El Movimiento Ibérico Antinuclear es una plataforma de las luchas antinucleares que lleva exigiendo desde el origen de esta energía un debate público sobre la continuidad de las centrales nucleares. Especialmente desde 2016 año de inicio de las movilizaciones antinucleares y del nacimiento de la plataforma, ha exigido que en una democracia decisiones como la continuidad de la energía nuclear debían ser expuestas a un debate público. Sin embargo, ninguno de los gobiernos ha sido capaz de afrontar este debate, a pesar de que las pocas encuestas sobre la percepción de la energía nuclear, como la del CIS de mayo de 2011 muestran, por ejemplo, como el 52% de la sociedad considera mayores los riesgos que los beneficios de la energía nuclear, frente al 39% que opina lo contrario. 

La prolongación del funcionamiento de las centrales nucleares en el Estado español por encima de los 40 años para los que fueron construidas responde exclusivamente a los intereses de las compañías titulares. Se concretó en un protocolo de cierre entre Enresa y los propietarios de las centrales firmado en marzo de 2019, asumido por el gobierno, según aparece en el Plan Nacional Integrado de Energía y Clima. 

Como sucediese en la aprobación del Almacén Temporal Individualizado de Almmaraz se  obvia nuevamente dirigir consultas al gobierno y la ciudadanía portuguesa, pudiendo incurrir en ello en una vulneración de tratados y acuerdos europeos e internacionales. Un hecho, que fuerza a que nuevamente las organizaciones lusas que componen el MIA dirijan una queja formal ante la Comisión Europea, para que analice si la prolongación de la central de Almaraz vulnera alguno de estos acuerdos. El río Tajo que refrigera la central de Almaraz conecta ambos países, de forma que un accidente o vertido radiactivo afectaría al país vecino, como ya sucediese con los vertidos del río Jarama detectados en Lisboa en 1970.

Recuerdan además que, durante el mes de junio, después de que el CSN informara favorablemente la prolongación de Almaraz, esta central ha sufrido dos paradas de sus reactores por problemas técnicos. Las organizaciones antinucleares avisan de que esta prolongación es  una decisión de altísimo riesgo, ya que estas instalaciones presentan un envejecimiento evidente y una seguridad degradada. En estos momentos no es necesaria la continuidad de un sistema energético enormemente contaminante y concentrado en las manos de unas pocas empresas, sino la apertura de un amplio debate sobre el futuro de la energía en el Estado español, la distribución de la producción y la adaptación de los consumos a las necesidades colectivas, y no de reproducción del sistema económico.

Por todo ello, el conjunto del Movimiento Ibérico Antinuclear muestra su más absoluto rechazo a la concesión de la renovación de la autorización de funcionamiento a Almaraz y Vandellós.

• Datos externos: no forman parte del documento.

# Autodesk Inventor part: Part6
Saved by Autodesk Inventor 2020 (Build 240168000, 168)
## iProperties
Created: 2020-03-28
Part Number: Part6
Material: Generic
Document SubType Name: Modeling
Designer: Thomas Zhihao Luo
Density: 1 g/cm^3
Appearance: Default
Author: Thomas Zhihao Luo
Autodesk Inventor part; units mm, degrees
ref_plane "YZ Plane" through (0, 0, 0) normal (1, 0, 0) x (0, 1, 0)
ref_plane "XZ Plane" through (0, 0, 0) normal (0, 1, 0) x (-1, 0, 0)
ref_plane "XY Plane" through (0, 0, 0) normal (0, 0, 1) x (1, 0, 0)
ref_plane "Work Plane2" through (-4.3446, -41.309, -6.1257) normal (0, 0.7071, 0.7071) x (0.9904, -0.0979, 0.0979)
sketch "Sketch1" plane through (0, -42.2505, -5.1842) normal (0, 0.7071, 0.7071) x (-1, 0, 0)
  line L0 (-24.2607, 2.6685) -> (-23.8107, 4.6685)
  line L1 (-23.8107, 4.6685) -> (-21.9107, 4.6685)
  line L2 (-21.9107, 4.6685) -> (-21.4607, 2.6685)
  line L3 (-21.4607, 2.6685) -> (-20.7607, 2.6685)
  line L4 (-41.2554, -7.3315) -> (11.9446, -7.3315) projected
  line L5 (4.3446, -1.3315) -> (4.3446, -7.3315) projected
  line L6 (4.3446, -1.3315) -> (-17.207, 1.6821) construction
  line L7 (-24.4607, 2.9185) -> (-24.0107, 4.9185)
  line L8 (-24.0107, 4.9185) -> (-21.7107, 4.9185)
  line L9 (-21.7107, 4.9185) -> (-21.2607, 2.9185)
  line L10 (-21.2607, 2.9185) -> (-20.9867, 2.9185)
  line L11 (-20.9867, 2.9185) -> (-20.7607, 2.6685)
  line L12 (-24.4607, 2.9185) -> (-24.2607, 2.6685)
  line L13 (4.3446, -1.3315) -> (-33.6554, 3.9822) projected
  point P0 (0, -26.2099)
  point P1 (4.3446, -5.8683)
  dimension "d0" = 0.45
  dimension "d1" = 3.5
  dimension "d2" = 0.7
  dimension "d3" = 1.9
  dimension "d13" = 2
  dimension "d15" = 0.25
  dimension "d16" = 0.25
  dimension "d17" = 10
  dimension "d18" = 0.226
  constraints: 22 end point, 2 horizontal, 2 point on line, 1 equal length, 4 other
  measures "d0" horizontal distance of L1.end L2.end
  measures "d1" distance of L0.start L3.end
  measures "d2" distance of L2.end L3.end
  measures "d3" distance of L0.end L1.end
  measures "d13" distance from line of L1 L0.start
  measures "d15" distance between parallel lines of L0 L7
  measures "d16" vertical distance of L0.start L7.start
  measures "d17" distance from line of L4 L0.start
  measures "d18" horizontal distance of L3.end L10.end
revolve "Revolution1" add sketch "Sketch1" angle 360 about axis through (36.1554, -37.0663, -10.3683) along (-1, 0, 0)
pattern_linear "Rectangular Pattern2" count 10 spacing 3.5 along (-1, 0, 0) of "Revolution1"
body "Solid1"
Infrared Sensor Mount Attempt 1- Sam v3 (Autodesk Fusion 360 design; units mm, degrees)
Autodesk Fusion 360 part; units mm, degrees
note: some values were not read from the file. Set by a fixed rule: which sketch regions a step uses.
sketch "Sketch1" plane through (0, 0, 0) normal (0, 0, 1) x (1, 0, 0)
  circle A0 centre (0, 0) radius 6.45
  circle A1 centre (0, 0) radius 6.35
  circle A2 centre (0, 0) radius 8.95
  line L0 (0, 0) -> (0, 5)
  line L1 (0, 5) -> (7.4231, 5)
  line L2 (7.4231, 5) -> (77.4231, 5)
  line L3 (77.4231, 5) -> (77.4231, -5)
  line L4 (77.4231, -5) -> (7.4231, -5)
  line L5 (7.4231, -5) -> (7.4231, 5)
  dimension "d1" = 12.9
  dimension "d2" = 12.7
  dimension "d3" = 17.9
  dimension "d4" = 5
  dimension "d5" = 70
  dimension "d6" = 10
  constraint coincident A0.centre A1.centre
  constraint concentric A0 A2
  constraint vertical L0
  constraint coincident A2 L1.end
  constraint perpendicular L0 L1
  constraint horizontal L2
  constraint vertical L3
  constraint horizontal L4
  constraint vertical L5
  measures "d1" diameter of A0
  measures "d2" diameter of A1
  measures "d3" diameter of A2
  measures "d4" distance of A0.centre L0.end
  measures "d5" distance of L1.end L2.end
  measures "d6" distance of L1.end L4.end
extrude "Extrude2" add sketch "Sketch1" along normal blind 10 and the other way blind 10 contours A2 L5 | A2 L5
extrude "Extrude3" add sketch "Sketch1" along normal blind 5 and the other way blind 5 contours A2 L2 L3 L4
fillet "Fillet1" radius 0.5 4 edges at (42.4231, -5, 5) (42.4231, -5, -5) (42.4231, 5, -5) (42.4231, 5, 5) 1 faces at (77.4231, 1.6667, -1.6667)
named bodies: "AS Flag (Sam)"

Un movimiento que seguirá exigiendo el fin de la pesadilla nuclear y el cumplimiento absoluto de las instrucciones técnicas señaladas por el CSN. Una vez concedido este permiso, es el ministerio y su ministra son los responsables de las consecuencias que pueda producir la continuidad de centrales envejecidas y cuya seguridad está degradada. Una decisión que protege los intereses de las eléctricas en contra de la ciudadanía, el bien común y la necesaria transición energética sin fósiles ni nuclear.